Exercise objective: Identify each line in the records below that contains the word "against", and copy it.

--

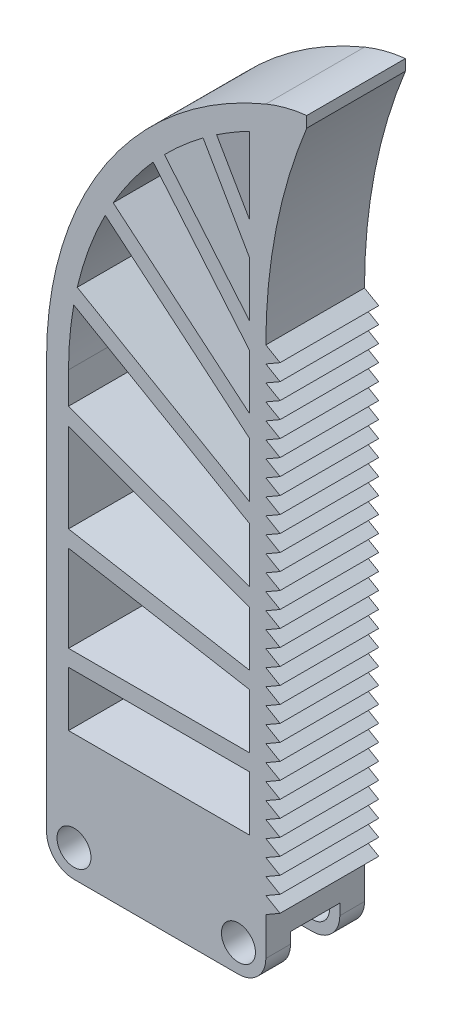
SolidWorks part; units mm, degrees
ref_plane "Front Plane" through (0, 0, 0) normal (0, 0, 1) x (1, 0, 0)
ref_plane "Top Plane" through (0, 0, 0) normal (0, 1, 0) x (1, 0, 0)
ref_plane "Right Plane" through (0, 0, 0) normal (1, 0, 0) x (0, 0, -1)
sketch "Sketch2" plane through (0, 0, 0) normal (0, 0, 1) x (1, 0, 0)
  line L0 (-20, 0) -> (20, 0)
  line L5 (20, 0) -> (20, 140)
  line L10 (-20, 0) -> (-20, 80)
  arc A0 (20, 140) -> (-20, 80) centre (45, 80) ccw
  dimension "D4" = 40
  dimension "D5" = 140
  dimension "D6" = 80
extrude "Boss-Extrude1" add sketch "Sketch2" along normal blind 18
sketch "Sketch3" plane through (0, 0, 18) normal (0, 0, 1) x (1, 0, 0)
  line L0 (-16, 23) -> (17, 23)
  line L1 (17, 23) -> (17, 33)
  line L2 (17, 33) -> (-16, 33)
  line L3 (-16, 33) -> (-16, 23)
  line L4 (-20, 80) -> (-20, 0) construction
  line L5 (20, 0) -> (20, 140) construction
  line L7 (-20, 0) -> (20, 0) construction
  dimension "D1" = 4
  dimension "D2" = 3
  dimension "D3" = 23
  dimension "D4" = 10
sketch "Sketch4" plane through (0, 0, 18) normal (0, 0, 1) x (1, 0, 0)
  line L0 (-16, 36) -> (17, 36)
  line L1 (17, 36) -> (17, 46)
  line L2 (17, 46) -> (-16, 51.8188)
  line L3 (-16, 51.8188) -> (-16, 36)
  line L4 (-20, 80) -> (-20, 0) construction
  line L5 (17, 33) -> (-16, 33) construction
  line L6 (20, 0) -> (20, 140) construction
  dimension "D1" = 4
  dimension "D2" = 3
  dimension "D3" = 3
  dimension "D4" = 10
  dimension "D5" = 10
sketch "Sketch5" plane through (0, 0, 18) normal (0, 0, 1) x (1, 0, 0)
  line L0 (-16, 54.8651) -> (17, 49.0463)
  line L1 (17, 49.0463) -> (17, 59.0463)
  line L2 (17, 59.0463) -> (-16, 71.0573)
  line L3 (-16, 71.0573) -> (-16, 54.8651)
  line L4 (-20, 80) -> (-20, 0) construction
  line L5 (20, 0) -> (20, 140) construction
  line L7 (17, 46) -> (-16, 51.8188) construction
  line L8 (-16, 36) -> (17, 36) construction
  dimension "D1" = 4
  dimension "D2" = 3
  dimension "D3" = 3
  dimension "D4" = 20
  dimension "D5" = 10
sketch "Sketch6" plane through (0, 0, 18) normal (0, 0, 1) x (1, 0, 0)
  line L0 (-16, 74.2498) -> (17, 62.2388)
  line L1 (17, 62.2388) -> (17, 72.2388)
  line L2 (17, 72.2388) -> (-15.0469, 90.7411)
  line L3 (-16, 74.2498) -> (-16, 80)
  line L5 (17, 59.0463) -> (-16, 71.0573) construction
  line L6 (-20, 80) -> (-20, 0) construction
  line L7 (20, 0) -> (20, 140) construction
  line L8 (-16, 36) -> (17, 36) construction
  arc A0 (-15.0469, 90.7411) -> (-16, 80) centre (45, 80) ccw
  arc A2 (20, 140) -> (-20, 80) centre (45, 80) ccw construction
  dimension "D1" = 3
  dimension "D2" = 4
  dimension "D3" = 3
  dimension "D4" = 30
  dimension "D5" = 10
extrude "Cut-Extrude1" cut sketch "Sketch3" against normal through all contours L0 L1 L2 L3
extrude "Cut-Extrude2" cut sketch "Sketch4" against normal through all contours L0 L1 L2 L3
extrude "Cut-Extrude3" cut sketch "Sketch5" against normal through all contours L0 L1 L2 L3
extrude "Cut-Extrude4" cut sketch "Sketch6" against normal through all contours L0 L1 L2 A0 L3
sketch "Sketch13" plane through (0, 0, 18) normal (0, 0, 1) x (1, 0, 0)
  line L0 (20, 0) -> (20, 140) construction
  line L1 (27.4639, 141.9193) -> (27.4639, 139.9193)
  line L2 (20, 140) -> (20, 101.9347)
  arc A0 (20, 140) -> (27.4639, 141.9193) centre (30.3921, 115.059) cw
  arc A1 (20, 101.9347) -> (27.4639, 139.9193) centre (120.3863, 101.9347) cw
  arc A2 (20, 140) -> (-20, 80) centre (45, 80) ccw construction
  dimension "D1" = 2
extrude "Boss-Extrude2" add sketch "Sketch13" against normal up to surface (18 mm away) up to face at (-2.2708, 56.5139, 0)
sketch "Sketch15" plane through (0, 0, 18) normal (0, 0, 1) x (1, 0, 0)
  line L0 (20, 101.9347) -> (22.5981, 100.4347)
  line L1 (22.5981, 100.4347) -> (20, 98.9347)
  line L2 (20, 0) -> (20, 101.9347) construction
  line L3 (20, 101.9347) -> (20, 98.9347)
  dimension "D1" = 3
  dimension "D2" = 3
  dimension "D3" = 3
extrude "Boss-Extrude3" add sketch "Sketch15" against normal up to surface (18 mm away) up to face at (9.1325, 87.2085, 0)
pattern_linear "LPattern1" count 30 spacing 3 along (0, -1, 0) of "Boss-Extrude3"
sketch "Sketch17" plane through (0, 0, 18) normal (0, 0, 1) x (1, 0, 0)
  line L0 (-14.4098, 93.8374) -> (17, 75.7029)
  line L1 (17, 75.7029) -> (17, 85.7029)
  line L2 (17, 85.7029) -> (-9.3082, 107.7781)
  line L3 (17, 72.2388) -> (-15.0469, 90.7411) construction
  line L4 (17, 62.2388) -> (17, 72.2388) construction
  arc A0 (-9.3082, 107.7781) -> (-14.4098, 93.8374) centre (45, 80) ccw
  arc A1 (-15.0469, 90.7411) -> (-16, 80) centre (45, 80) ccw construction
  dimension "D1" = 10
  dimension "D2" = 3
  dimension "D3" = 10
extrude "Cut-Extrude5" cut sketch "Sketch17" against normal through all contours L2 A0 L0 L1
sketch "Sketch18" plane through (0, 0, 18) normal (0, 0, 1) x (1, 0, 0)
  line L0 (-7.8462, 110.4676) -> (17, 89.6191)
  line L1 (17, 89.6191) -> (17, 99.6191)
  line L2 (17, 99.6191) -> (-0.5668, 120.5545)
  line L3 (17, 85.7029) -> (-9.3082, 107.7781) construction
  line L4 (17, 75.7029) -> (17, 85.7029) construction
  arc A0 (-0.5668, 120.5545) -> (-7.8462, 110.4676) centre (45, 80) ccw
  arc A1 (-9.3082, 107.7781) -> (-14.4098, 93.8374) centre (45, 80) ccw construction
  dimension "D1" = 3
  dimension "D2" = 10
  dimension "D3" = 10
extrude "Cut-Extrude6" cut sketch "Sketch18" against normal through all
sketch "Sketch19" plane through (0, 0, 18) normal (0, 0, 1) x (1, 0, 0)
  line L0 (1.4976, 122.7614) -> (17, 104.2863)
  line L1 (17, 104.2863) -> (17, 114.2863)
  line L2 (17, 114.2863) -> (8.554, 128.9151)
  line L3 (17, 89.6191) -> (17, 99.6191) construction
  line L5 (17, 99.6191) -> (-0.5668, 120.5545) construction
  arc A0 (8.554, 128.9151) -> (1.4976, 122.7614) centre (45, 80) ccw
  arc A1 (-0.5668, 120.5545) -> (-7.8462, 110.4676) centre (45, 80) ccw construction
  dimension "D1" = 10
  dimension "D2" = 3
  dimension "D3" = 10
extrude "Cut-Extrude7" cut sketch "Sketch19" against normal through all contours L2 A0 L0 L1
sketch "Sketch21" plane through (0, 0, 18) normal (0, 0, 1) x (1, 0, 0)
  line L0 (11.0136, 130.655) -> (17, 120.2863)
  line L1 (17, 120.2863) -> (17, 134.1941)
  line L3 (17, 114.2863) -> (8.554, 128.9151) construction
  line L4 (17, 104.2863) -> (17, 114.2863) construction
  arc A0 (17, 134.1941) -> (11.0136, 130.655) centre (45, 80) ccw
  arc A1 (8.554, 128.9151) -> (1.4976, 122.7614) centre (45, 80) ccw construction
  dimension "D2" = 3
extrude "Cut-Extrude8" cut sketch "Sketch21" against normal through all
ref_plane "Plane1" through (0, 0, 9) normal (0, 0, -1) x (-1, 0, 0)
sketch "Sketch25" plane through (0, 0, 9) normal (0, 0, -1) x (-1, 0, 0)
  line L0 (-20, 0) -> (-20, 7)
  line L2 (-20, 7) -> (-17, 7)
  line L3 (-13, 3) -> (-13, 0)
  line L4 (20, 0) -> (-20, 0) construction
  line L5 (-13, 0) -> (-20, 0)
  arc A0 (-17, 7) -> (-13, 3) centre (-17, 3) cw
  point P11 (-16.2678, 2.5385)
  dimension "D1" = 3
  dimension "D3" = 4
  dimension "D2" = 7
extrude "Cut-Extrude9" cut sketch "Sketch25" against normal blind 4.5 and the other way blind 4.5
fillet "Fillet1" radius 5 3 edges at (20, 0, 2.25) (20, 0, 15.75) (-20, 0, 9)
hole_wizard "Ø6.0 mm Dowel Holes1" positions "Sketch22" profile "Sketch23" hole size "Ø6.0" standard "ISO" end condition through all
sketch "Sketch22" plane through (0, 0, 18) normal (0, 0, 1) x (1, 0, 0)
  point P0 (-15, 5)
sketch "Sketch23" plane through (-15, 5, 18) normal (1, 0, 0) x (0, -1, 0)
  line L0 (0, 0) -> (0, 18)
  line L1 (0, 18) -> (3.1, 18)
  line L2 (3.1, 18) -> (3.1, 0)
  line L5 (3.1, 0) -> (0, 0)
  line L11 (0, -6.35) -> (0, 107.95) construction
  dimension "Thru Hole Dia." = 6.2
  dimension "Thru Hole Depth" = 18
mirror "Mirror1" about plane through (0, 0, 0) normal (1, 0, 0) of "Ø6.0 mm Dowel Holes1"

--

Your response:
extrude "Cut-Extrude1" cut sketch "Sketch3" against normal through all contours L0 L1 L2 L3
extrude "Cut-Extrude2" cut sketch "Sketch4" against normal through all contours L0 L1 L2 L3
extrude "Cut-Extrude3" cut sketch "Sketch5" against normal through all contours L0 L1 L2 L3
extrude "Cut-Extrude4" cut sketch "Sketch6" against normal through all contours L0 L1 L2 A0 L3
extrude "Boss-Extrude2" add sketch "Sketch13" against normal up to surface (18 mm away) up to face at (-2.2708, 56.5139, 0)
extrude "Boss-Extrude3" add sketch "Sketch15" against normal up to surface (18 mm away) up to face at (9.1325, 87.2085, 0)
extrude "Cut-Extrude5" cut sketch "Sketch17" against normal through all contours L2 A0 L0 L1
extrude "Cut-Extrude6" cut sketch "Sketch18" against normal through all
extrude "Cut-Extrude7" cut sketch "Sketch19" against normal through all contours L2 A0 L0 L1
extrude "Cut-Extrude8" cut sketch "Sketch21" against normal through all
extrude "Cut-Extrude9" cut sketch "Sketch25" against normal blind 4.5 and the other way blind 4.5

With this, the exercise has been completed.